18395198. POINT-LEVEL SUPERVISION FOR VIDEO INSTANCE SEGMENTATION simplified abstract (NVIDIA Corporation)

From WikiPatents
Jump to navigation Jump to search

POINT-LEVEL SUPERVISION FOR VIDEO INSTANCE SEGMENTATION

Organization Name

NVIDIA Corporation

Inventor(s)

Zhiding Yu of Cupertino CA (US)

Shuaiyi Huang of Greenbelt MD (US)

De-An Huang of Cupertino CA (US)

Shiyi Lan of Sunnyvale CA (US)

Subhashree Radhakrishnan of Milpitas CA (US)

Jose M. Alvarez Lopez of Mountain View CA (US)

Anima Anandkumar of Pasadena CA (US)

POINT-LEVEL SUPERVISION FOR VIDEO INSTANCE SEGMENTATION - A simplified explanation of the abstract

This abstract first appeared for US patent application 18395198 titled 'POINT-LEVEL SUPERVISION FOR VIDEO INSTANCE SEGMENTATION

Abstract: Video instance segmentation is a computer vision task that aims to detect, segment, and track objects continuously in videos. It can be used in numerous real-world applications, such as video editing, three-dimensional (3D) reconstruction, 3D navigation (e.g. for autonomous driving and/or robotics), and view point estimation. However, current machine learning-based processes employed for video instance segmentation are lacking, particularly because the densely annotated videos needed for supervised training of high-quality models are not readily available and are not easily generated.
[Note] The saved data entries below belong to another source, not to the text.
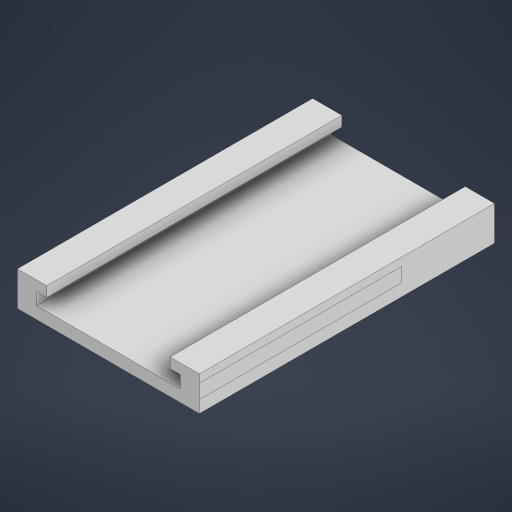
# Autodesk Inventor part: DINsupport
Saved by Autodesk Inventor 2023 (Build 270158000, 158)
## iProperties
Created: 2022-09-20
Part Number: DINsupport
Material: Generic
Document SubType Name: Modeling
Designer: CB110-09
Density: 1 g/cm^3
Appearance: Default
Author: CB110-09
Autodesk Inventor part; units mm, degrees
ref_plane "YZ Plane" through (0, 0, 0) normal (1, 0, 0) x (0, 1, 0)
ref_plane "XZ Plane" through (0, 0, 0) normal (0, 1, 0) x (-1, 0, 0)
ref_plane "XY Plane" through (0, 0, 0) normal (0, 0, 1) x (1, 0, 0)
sketch "Sketch1" plane through (0, 0, 0) normal (0, 1, 0) x (-1, 0, 0)
  line L0 (-32.5, 25) -> (32.5, 25)
  line L1 (32.5, 25) -> (32.5, -25)
  line L2 (32.5, -25) -> (-32.5, -25)
  line L3 (-32.5, -25) -> (-32.5, 25)
  line L4 (-32.5, 25) -> (32.5, -25) construction
  line L5 (32.5, 25) -> (-32.5, -25) construction
  point P0 (0, 0)
  dimension "d0" = 65
  dimension "d1" = 50
  constraints: 12 end point, 2 midpoint, 2 parallel, 1 horizontal, 1 perpendicular
  measures "d0" distance of L1.end L2.end
  measures "d1" distance of L0.end L1.end
extrude "Extrusion1" add sketch "Sketch1" along normal blind 3
sketch "Sketch2" plane through (0, 3, 0) normal (0, 1, 0) x (1, 0, 0)
  line L0 (32.5, 25) -> (-32.5, 25) projected
  line L1 (-18.25, -25) -> (18.25, -25)
  line L2 (18.25, -25) -> (18.25, 25)
  line L3 (18.25, 25) -> (-18.25, 25)
  line L4 (-18.25, 25) -> (-18.25, -25)
  line L5 (-18.25, -25) -> (18.25, 25) construction
  line L6 (18.25, -25) -> (-18.25, 25) construction
  line L7 (-22.5, -25) -> (22.5, -25)
  line L8 (22.5, -25) -> (22.5, 25)
  line L9 (22.5, 25) -> (-22.5, 25)
  line L10 (-22.5, 25) -> (-22.5, -25)
  line L11 (-22.5, -25) -> (22.5, 25) construction
  line L12 (22.5, -25) -> (-22.5, 25) construction
  point P0 (0, 0)
  dimension "d4" = 36.5
  dimension "d5" = 45
  constraints: 24 end point, 4 midpoint, 4 parallel, 2 horizontal, 2 perpendicular, 2 point on line
  measures "d4" distance of L3.end L2.end
  measures "d5" distance of L9.end L8.end
extrude "Extrusion2" add sketch "Sketch2" along normal blind 3.5 contours L8 L7 L2 L0 | L4 L7 L10 L0
sketch "Sketch3" plane through (0, 6.5, 0) normal (0, 1, 0) x (1, 0, 0)
  line L0 (-22.5, 25) -> (-32.5, 25) projected
  line L1 (-22.5, 25) -> (-15.25, 25)
  line L2 (-15.25, 25) -> (-15.25, -25)
  line L3 (-15.25, -25) -> (-22.5, -25)
  line L4 (-22.5, -25) -> (-22.5, 25)
  line L5 (-32.5, -25) -> (32.5, -25) projected
  line L6 (32.5, 25) -> (-32.5, 25) projected
  line L7 (22.4999, -25) -> (15.2499, -25)
  line L8 (15.2499, -25) -> (15.2499, 25)
  line L9 (15.2499, 25) -> (22.4999, 25)
  line L10 (22.4999, 25) -> (22.4999, -25)
  point P0 (0, 0)
  dimension "d8" = 7.25
  dimension "d9" = 7.25
  constraints: 16 end point, 4 parallel, 2 horizontal, 2 perpendicular, 2 point on line
  measures "d8" distance of L2.end L3.end
  measures "d9" distance of L8.end L9.end
extrude "Extrusion3" add sketch "Sketch3" along normal blind 2 contours L1 L2 L3 L4 | L6 L10 L5 L8
sketch "Sketch4" plane through (0, 3, 0) normal (0, 1, 0) x (1, 0, 0)
  line L0 (-22.5, 25) -> (-22.5, -25) projected
  line L1 (-32.5, 25) -> (-32.5, -25) projected
  line L2 (-22.5, 25) -> (-32.5, 25)
  line L3 (-32.5, 25) -> (-32.5, -25)
  line L4 (-32.5, -25) -> (-22.5, -25)
  line L5 (-22.5, -25) -> (-22.5, 25)
  line L6 (22.4999, -25) -> (22.4999, 25) projected
  line L7 (-32.5, -25) -> (32.5, -25) projected
  line L8 (22.4999, 25) -> (32.5, 25)
  line L9 (32.5, 25) -> (32.5, -25)
  line L10 (32.5, -25) -> (22.4999, -25)
  line L11 (22.4999, -25) -> (22.4999, 25)
  point P0 (0, 0)
  constraints: 16 end point, 4 parallel, 2 horizontal, 2 perpendicular
extrude "Extrusion4" cut sketch "Sketch4" against normal blind 10
sketch "Sketch5" plane through (-18.25, 3, 25) normal (1, 0, 0) x (0, 0, -1)
  line L0 (0, 3.5) -> (50, 3.5) projected
  line L1 (50, 0) -> (0, 0)
  line L2 (0, 0) -> (0, 3.5)
  line L3 (0, 3.5) -> (50, 3.5)
  line L4 (50, 3.5) -> (50, 0)
  point P0 (25, -3)
  constraints: 8 end point, 2 parallel, 1 horizontal, 1 perpendicular
extrude "Extrusion5" add sketch "Sketch5" along normal blind 0.5
sketch "Sketch6" plane through (18.25, 3, -25) normal (-1, 0, 0) x (0, 0, 1)
  line L0 (50, 0) -> (50, 3.5) projected
  line L1 (0, 0) -> (0, -3) projected
  line L2 (50, 3.5) -> (0, 3.5)
  line L3 (0, 3.5) -> (0, 0)
  line L4 (0, 0) -> (50, 0)
  line L5 (50, 0) -> (50, 3.5)
  point P0 (25, -3)
  constraints: 8 end point, 2 parallel, 1 horizontal, 1 perpendicular
extrude "Extrusion6" add sketch "Sketch6" along normal blind 0.5
sketch "Sketch7" plane through (0, 6.5, 0) normal (0, -1, 0) x (1, 0, 0)
  line L0 (15.2499, 25) -> (17.75, 25) projected
  line L1 (15.2499, -25) -> (17.75, -25)
  line L2 (17.75, -25) -> (17.75, 25)
  line L3 (17.75, 25) -> (15.2499, 25)
  line L4 (15.2499, 25) -> (15.2499, -25)
  line L5 (-15.25, 25) -> (-17.75, 25)
  line L6 (-17.75, 25) -> (-17.75, -25)
  line L7 (-17.75, -25) -> (-15.25, -25)
  line L8 (-15.25, -25) -> (-15.25, 25)
  point P0 (0, 0)
  constraints: 16 end point, 4 parallel, 2 horizontal, 2 perpendicular
extrude "Extrusion7" add sketch "Sketch7" along normal blind 0.5
sketch "Sketch8" plane through (-15.25, 8.5, -25) normal (0, 0, -1) x (-1, 0, 0)
  line L0 (0, -2.5) -> (0, 0) projected
  line L1 (0, -2.5) -> (0, 0)
  line L2 (7.25, 0) -> (0, 0) projected
  line L3 (0, 0) -> (7.25, 0)
  line L4 (7.25, 0) -> (7.25, -8.5) projected
  line L5 (7.25, 0) -> (7.25, -8.5)
  line L6 (7.25, -8.5) -> (-37.7499, -8.5) projected
  line L7 (7.25, -8.5) -> (-37.7499, -8.5)
  line L8 (-37.7499, -2) -> (-37.7499, 0) projected
  line L9 (-37.7499, -8.5) -> (-37.7499, 0)
  line L10 (-37.7499, 0) -> (-30.4999, 0) projected
  line L11 (-37.7499, 0) -> (-30.4999, 0)
  line L12 (-30.4999, -2.5) -> (-30.4999, 0) projected
  line L13 (-30.4999, 0) -> (-30.4999, -2.5)
  line L14 (-30.4999, -2.5) -> (-33, -2.5)
  line L15 (-33, -5.5) -> (-33, -2.5) projected
  line L16 (-33, -2.5) -> (-33, -5.5)
  line L17 (-33, -5.5) -> (2.5, -5.5) projected
  line L18 (-33, -5.5) -> (2.5, -5.5)
  line L19 (2.5, -2.5) -> (2.5, -5.5) projected
  line L20 (2.5, -5.5) -> (2.5, -2.5)
  line L21 (0, -2.5) -> (2.5, -2.5) projected
  line L22 (2.5, -2.5) -> (0, -2.5)
  point P0 (-15.25, -8.5)
  constraints: 24 end point, 7 perpendicular, 5 collinear
extrude "Extrusion8" add sketch "Sketch8" along normal blind 23
body "Solid1"

To address the issues in the prior art, the present disclosure provides point-level supervision for video instance segmentation in a manner that allows the resulting machine learning model to handle any object category.

Key Features and Innovation:

  • Video instance segmentation for detecting, segmenting, and tracking objects in videos.
  • Point-level supervision provided for training high-quality models.
  • Ability to handle any object category in the resulting machine learning model.

Potential Applications:

  • Video editing
  • 3D reconstruction
  • 3D navigation for autonomous driving and robotics
  • View point estimation

Problems Solved:

  • Lack of densely annotated videos for supervised training
  • Difficulty in generating high-quality models for video instance segmentation

Benefits:

  • Improved accuracy in detecting and tracking objects in videos
  • Enhanced performance in real-world applications such as autonomous driving and robotics
  • Flexibility to handle various object categories

Commercial Applications: Commercial applications of this technology could include video editing software, autonomous driving systems, robotics applications, and virtual reality development tools.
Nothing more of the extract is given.